> **Assignment**
Your task is to copy the lines of the data below from the line holding "#145=VECTOR('',#144,1.);" through the line holding "#181=ORIENTED_EDGE('',*,*,#142,.T.);", inclusive, exactly and with nothing added.

> **Entries shown**
*** Block opens ***

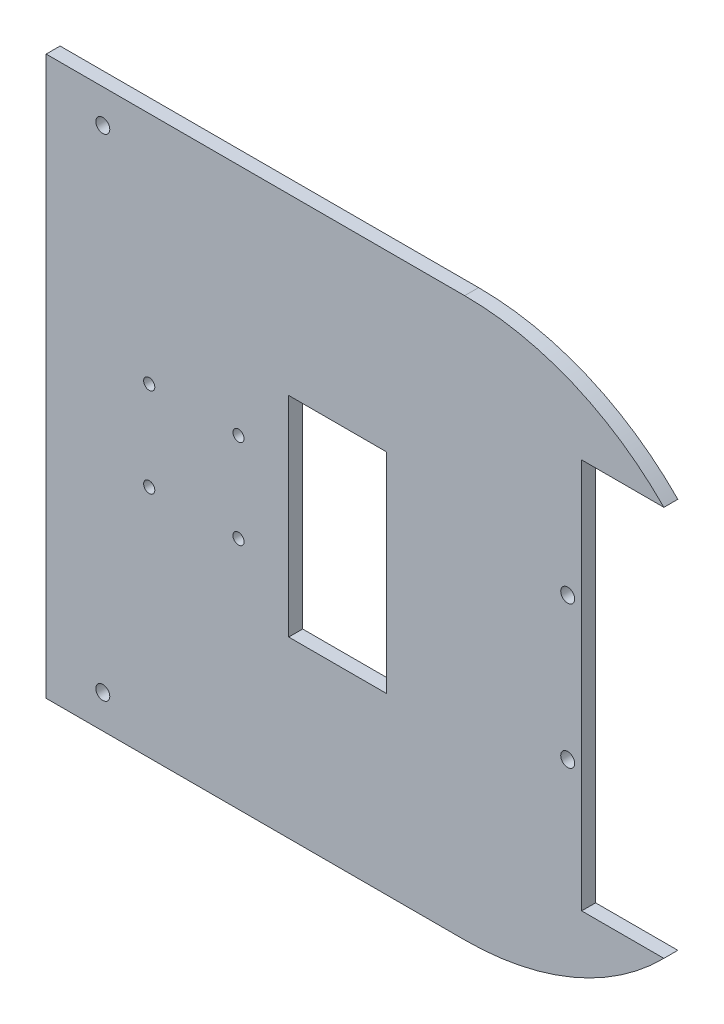
ISO-10303-21;
HEADER;
FILE_DESCRIPTION(('STEP AP214'),'2;1');
FILE_NAME('part.step','',(''),(''),'','','');
FILE_SCHEMA(('AUTOMOTIVE_DESIGN { 1 0 10303 214 1 1 1 1 }'));
ENDSEC;
DATA;
#1=APPLICATION_CONTEXT('core data for automotive mechanical design processes');
#2=APPLICATION_PROTOCOL_DEFINITION('international standard','automotive_design',2000,#1);
#3=PRODUCT_CONTEXT('',#1,'mechanical');
#4=PRODUCT('Part','Part','',(#3));
#5=PRODUCT_RELATED_PRODUCT_CATEGORY('part','',(#4));
#6=PRODUCT_DEFINITION_FORMATION('','',#4);
#7=PRODUCT_DEFINITION_CONTEXT('part definition',#1,'design');
#8=PRODUCT_DEFINITION('design','',#6,#7);
#9=PRODUCT_DEFINITION_SHAPE('','',#8);
#10=(LENGTH_UNIT() NAMED_UNIT(*) SI_UNIT(.MILLI.,.METRE.));
#11=(NAMED_UNIT(*) PLANE_ANGLE_UNIT() SI_UNIT($,.RADIAN.));
#12=(NAMED_UNIT(*) SI_UNIT($,.STERADIAN.) SOLID_ANGLE_UNIT());
#13=UNCERTAINTY_MEASURE_WITH_UNIT(LENGTH_MEASURE(1.E-05),#10,'distance_accuracy_value','');
#14=(GEOMETRIC_REPRESENTATION_CONTEXT(3) GLOBAL_UNCERTAINTY_ASSIGNED_CONTEXT((#13)) GLOBAL_UNIT_ASSIGNED_CONTEXT((#10,
#11,#12)) REPRESENTATION_CONTEXT('',''));
#15=CARTESIAN_POINT('',(0.,0.,0.));
#16=DIRECTION('',(0.,0.,1.));
#17=DIRECTION('',(1.,0.,0.));
#18=AXIS2_PLACEMENT_3D('',#15,#16,#17);
#19=CARTESIAN_POINT('',(0.,180.635083268963,-5.));
#20=DIRECTION('',(0.,-1.,0.));
#21=DIRECTION('',(1.,0.,0.));
#22=AXIS2_PLACEMENT_3D('',#19,#20,#21);
#23=PLANE('',#22);
#24=DIRECTION('',(1.,0.,0.));
#25=VECTOR('',#24,1.);
#26=CARTESIAN_POINT('',(0.,180.635083268963,-5.));
#27=LINE('',#26,#25);
#28=CARTESIAN_POINT('',(-114.937262470254,180.635083268963,-5.));
#29=VERTEX_POINT('',#28);
#30=CARTESIAN_POINT('',(35.0627375297462,180.635083268963,-5.));
#31=VERTEX_POINT('',#30);
#32=EDGE_CURVE('E132',#29,#31,#27,.T.);
#33=ORIENTED_EDGE('',*,*,#32,.F.);
#34=DIRECTION('',(0.,0.,-1.));
#35=VECTOR('',#34,1.);
#36=CARTESIAN_POINT('',(-114.937262470254,180.635083268963,5.));
#37=LINE('',#36,#35);
#38=CARTESIAN_POINT('',(-114.937262470254,180.635083268963,0.));
#39=VERTEX_POINT('',#38);
#40=EDGE_CURVE('E121',#39,#29,#37,.T.);
#41=ORIENTED_EDGE('',*,*,#40,.F.);
#42=DIRECTION('',(1.,0.,0.));
#43=VECTOR('',#42,1.);
#44=CARTESIAN_POINT('',(0.,180.635083268963,0.));
#45=LINE('',#44,#43);
#46=CARTESIAN_POINT('',(35.0627375297462,180.635083268963,0.));
#47=VERTEX_POINT('',#46);
#48=EDGE_CURVE('E159',#39,#47,#45,.T.);
#49=ORIENTED_EDGE('',*,*,#48,.T.);
#50=DIRECTION('',(0.,0.,1.));
#51=VECTOR('',#50,1.);
#52=CARTESIAN_POINT('',(35.0627375297462,180.635083268963,-5.));
#53=LINE('',#52,#51);
#54=EDGE_CURVE('E139',#31,#47,#53,.T.);
#55=ORIENTED_EDGE('',*,*,#54,.F.);
#56=EDGE_LOOP('',(#33,#41,#49,#55));
#57=FACE_BOUND('',#56,.T.);
#58=ADVANCED_FACE('F35',(#57),#23,.F.);
#59=CARTESIAN_POINT('',(35.0627375297462,80.6350832689628,-5.));
#60=DIRECTION('',(0.,0.,1.));
#61=DIRECTION('',(1.,0.,0.));
#62=AXIS2_PLACEMENT_3D('',#59,#60,#61);
#63=CYLINDRICAL_SURFACE('',#62,99.9999999999999);
#64=CARTESIAN_POINT('',(35.0627375297462,80.6350832689628,0.));
#65=DIRECTION('',(0.,0.,1.));
#66=DIRECTION('',(1.,0.,0.));
#67=AXIS2_PLACEMENT_3D('',#64,#65,#66);
#68=CIRCLE('',#67,99.9999999999999);
#69=CARTESIAN_POINT('',(106.477021815175,150.635083268963,0.));
#70=VERTEX_POINT('',#69);
#71=EDGE_CURVE('E140',#47,#70,#68,.F.);
#72=ORIENTED_EDGE('',*,*,#71,.T.);
#73=DIRECTION('',(0.,0.,1.));
#74=VECTOR('',#73,1.);
#75=CARTESIAN_POINT('',(106.477021815175,150.635083268963,-5.));
#76=LINE('',#75,#74);
#77=CARTESIAN_POINT('',(106.477021815175,150.635083268963,-5.));
#78=VERTEX_POINT('',#77);
#79=EDGE_CURVE('E172',#78,#70,#76,.T.);
#80=ORIENTED_EDGE('',*,*,#79,.F.);
#81=CARTESIAN_POINT('',(35.0627375297462,80.6350832689628,-5.));
#82=DIRECTION('',(0.,0.,1.));
#83=DIRECTION('',(1.,0.,0.));
#84=AXIS2_PLACEMENT_3D('',#81,#82,#83);
#85=CIRCLE('',#84,99.9999999999999);
#86=EDGE_CURVE('E153',#31,#78,#85,.F.);
#87=ORIENTED_EDGE('',*,*,#86,.F.);
#88=ORIENTED_EDGE('',*,*,#54,.T.);
#89=EDGE_LOOP('',(#72,#80,#87,#88));
#90=FACE_BOUND('',#89,.T.);
#91=ADVANCED_FACE('F287',(#90),#63,.T.);
#92=CARTESIAN_POINT('',(-1.4183805508757E-13,150.635083268963,-5.));
#93=DIRECTION('',(0.,1.,0.));
#94=DIRECTION('',(-1.,0.,0.));
#95=AXIS2_PLACEMENT_3D('',#92,#93,#94);
#96=PLANE('',#95);
#97=DIRECTION('',(-1.,0.,0.));
#98=VECTOR('',#97,1.);
#99=CARTESIAN_POINT('',(-1.4183805508757E-13,150.635083268963,0.));
#100=LINE('',#99,#98);
#101=CARTESIAN_POINT('',(77.,150.635083268963,0.));
#102=VERTEX_POINT('',#101);
#103=EDGE_CURVE('E144',#70,#102,#100,.T.);
#104=ORIENTED_EDGE('',*,*,#103,.T.);
#105=DIRECTION('',(0.,0.,1.));
#106=VECTOR('',#105,1.);
#107=CARTESIAN_POINT('',(77.,150.635083268963,-5.));
#108=LINE('',#107,#106);
#109=CARTESIAN_POINT('',(77.,150.635083268963,-5.));
#110=VERTEX_POINT('',#109);
#111=EDGE_CURVE('E175',#110,#102,#108,.T.);
#112=ORIENTED_EDGE('',*,*,#111,.F.);
#113=DIRECTION('',(-1.,0.,0.));
#114=VECTOR('',#113,1.);
#115=CARTESIAN_POINT('',(-1.4183805508757E-13,150.635083268963,-5.));
#116=LINE('',#115,#114);
#117=EDGE_CURVE('E157',#78,#110,#116,.T.);
#118=ORIENTED_EDGE('',*,*,#117,.F.);
#119=ORIENTED_EDGE('',*,*,#79,.T.);
#120=EDGE_LOOP('',(#104,#112,#118,#119));
#121=FACE_BOUND('',#120,.T.);
#122=ADVANCED_FACE('F293',(#121),#96,.F.);
#123=CARTESIAN_POINT('',(77.,0.,-5.));
#124=DIRECTION('',(-1.,0.,0.));
#125=DIRECTION('',(0.,-1.,0.));
#126=AXIS2_PLACEMENT_3D('',#123,#124,#125);
#127=PLANE('',#126);
#128=DIRECTION('',(0.,-1.,0.));
#129=VECTOR('',#128,1.);
#130=CARTESIAN_POINT('',(77.,0.,0.));
#131=LINE('',#130,#129);
#132=CARTESIAN_POINT('',(77.,10.6350832689629,0.));
#133=VERTEX_POINT('',#132);
#134=EDGE_CURVE('E167',#102,#133,#131,.T.);
#135=ORIENTED_EDGE('',*,*,#134,.T.);
#136=DIRECTION('',(0.,0.,1.));
#137=VECTOR('',#136,1.);
#138=CARTESIAN_POINT('',(77.,10.6350832689629,-5.));
#139=LINE('',#138,#137);
#140=CARTESIAN_POINT('',(77.,10.6350832689629,-5.));
#141=VERTEX_POINT('',#140);
#142=EDGE_CURVE('E178',#141,#133,#139,.T.);
#143=ORIENTED_EDGE('',*,*,#142,.F.);
#144=DIRECTION('',(0.,-1.,0.));
#145=VECTOR('',#144,1.);
#146=CARTESIAN_POINT('',(77.,0.,-5.));
#147=LINE('',#146,#145);
#148=EDGE_CURVE('E155',#110,#141,#147,.T.);
#149=ORIENTED_EDGE('',*,*,#148,.F.);
#150=ORIENTED_EDGE('',*,*,#111,.T.);
#151=EDGE_LOOP('',(#135,#143,#149,#150));
#152=FACE_BOUND('',#151,.T.);
#153=ADVANCED_FACE('F300',(#152),#127,.F.);
#154=CARTESIAN_POINT('',(0.,10.6350832689629,-5.));
#155=DIRECTION('',(0.,-1.,0.));
#156=DIRECTION('',(1.,0.,0.));
#157=AXIS2_PLACEMENT_3D('',#154,#155,#156);
#158=PLANE('',#157);
#159=DIRECTION('',(1.,0.,0.));
#160=VECTOR('',#159,1.);
#161=CARTESIAN_POINT('',(0.,10.6350832689629,0.));
#162=LINE('',#161,#160);
#163=CARTESIAN_POINT('',(106.477021815175,10.6350832689629,0.));
#164=VERTEX_POINT('',#163);
#165=EDGE_CURVE('E165',#133,#164,#162,.T.);
#166=ORIENTED_EDGE('',*,*,#165,.T.);
#167=DIRECTION('',(0.,0.,1.));
#168=VECTOR('',#167,1.);
#169=CARTESIAN_POINT('',(106.477021815175,10.6350832689629,-5.));
#170=LINE('',#169,#168);
#171=CARTESIAN_POINT('',(106.477021815175,10.6350832689629,-5.));
#172=VERTEX_POINT('',#171);
#173=EDGE_CURVE('E181',#172,#164,#170,.T.);
#174=ORIENTED_EDGE('',*,*,#173,.F.);
#175=DIRECTION('',(1.,0.,0.));
#176=VECTOR('',#175,1.);
#177=CARTESIAN_POINT('',(0.,10.6350832689629,-5.));
#178=LINE('',#177,#176);
#179=EDGE_CURVE('E152',#141,#172,#178,.T.);
#180=ORIENTED_EDGE('',*,*,#179,.F.);
#181=ORIENTED_EDGE('',*,*,#142,.T.);
#182=EDGE_LOOP('',(#166,#174,#180,#181));
#183=FACE_BOUND('',#182,.T.);
#184=ADVANCED_FACE('F306',(#183),#158,.F.);
#185=CARTESIAN_POINT('',(35.0627375297462,-19.3649167310371,0.));
#186=VERTEX_POINT('',#185);
#187=EDGE_CURVE('E146',#164,#186,#68,.F.);
#188=ORIENTED_EDGE('',*,*,#187,.T.);
#189=DIRECTION('',(0.,0.,1.));
#190=VECTOR('',#189,1.);
#191=CARTESIAN_POINT('',(35.0627375297462,-19.3649167310371,-5.));
#192=LINE('',#191,#190);
#193=CARTESIAN_POINT('',(35.0627375297462,-19.3649167310371,-5.));
#194=VERTEX_POINT('',#193);
#195=EDGE_CURVE('E184',#194,#186,#192,.T.);
#196=ORIENTED_EDGE('',*,*,#195,.F.);
#197=EDGE_CURVE('E142',#172,#194,#85,.F.);
#198=ORIENTED_EDGE('',*,*,#197,.F.);
#199=ORIENTED_EDGE('',*,*,#173,.T.);
#200=EDGE_LOOP('',(#188,#196,#198,#199));
#201=FACE_BOUND('',#200,.T.);
#202=ADVANCED_FACE('F296',(#201),#63,.T.);
#203=CARTESIAN_POINT('',(0.,-19.3649167310371,-5.));
#204=DIRECTION('',(0.,-1.,0.));
#205=DIRECTION('',(0.,0.,-1.));
#206=AXIS2_PLACEMENT_3D('',#203,#204,#205);
#207=PLANE('',#206);
#208=DIRECTION('',(0.,0.,-1.));
#209=VECTOR('',#208,1.);
#210=CARTESIAN_POINT('',(-114.937262470254,-19.3649167310371,5.));
#211=LINE('',#210,#209);
#212=CARTESIAN_POINT('',(-114.937262470254,-19.3649167310371,0.));
#213=VERTEX_POINT('',#212);
#214=CARTESIAN_POINT('',(-114.937262470254,-19.3649167310371,-5.));
#215=VERTEX_POINT('',#214);
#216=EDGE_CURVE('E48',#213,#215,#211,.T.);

*** Block closes ***

> **Response to this task**
#145=VECTOR('',#144,1.);
#146=CARTESIAN_POINT('',(77.,0.,-5.));
#147=LINE('',#146,#145);
#148=EDGE_CURVE('E155',#110,#141,#147,.T.);
#149=ORIENTED_EDGE('',*,*,#148,.F.);
#150=ORIENTED_EDGE('',*,*,#111,.T.);
#151=EDGE_LOOP('',(#135,#143,#149,#150));
#152=FACE_BOUND('',#151,.T.);
#153=ADVANCED_FACE('F300',(#152),#127,.F.);
#154=CARTESIAN_POINT('',(0.,10.6350832689629,-5.));
#155=DIRECTION('',(0.,-1.,0.));
#156=DIRECTION('',(1.,0.,0.));
#157=AXIS2_PLACEMENT_3D('',#154,#155,#156);
#158=PLANE('',#157);
#159=DIRECTION('',(1.,0.,0.));
#160=VECTOR('',#159,1.);
#161=CARTESIAN_POINT('',(0.,10.6350832689629,0.));
#162=LINE('',#161,#160);
#163=CARTESIAN_POINT('',(106.477021815175,10.6350832689629,0.));
#164=VERTEX_POINT('',#163);
#165=EDGE_CURVE('E165',#133,#164,#162,.T.);
#166=ORIENTED_EDGE('',*,*,#165,.T.);
#167=DIRECTION('',(0.,0.,1.));
#168=VECTOR('',#167,1.);
#169=CARTESIAN_POINT('',(106.477021815175,10.6350832689629,-5.));
#170=LINE('',#169,#168);
#171=CARTESIAN_POINT('',(106.477021815175,10.6350832689629,-5.));
#172=VERTEX_POINT('',#171);
#173=EDGE_CURVE('E181',#172,#164,#170,.T.);
#174=ORIENTED_EDGE('',*,*,#173,.F.);
#175=DIRECTION('',(1.,0.,0.));
#176=VECTOR('',#175,1.);
#177=CARTESIAN_POINT('',(0.,10.6350832689629,-5.));
#178=LINE('',#177,#176);
#179=EDGE_CURVE('E152',#141,#172,#178,.T.);
#180=ORIENTED_EDGE('',*,*,#179,.F.);
#181=ORIENTED_EDGE('',*,*,#142,.T.);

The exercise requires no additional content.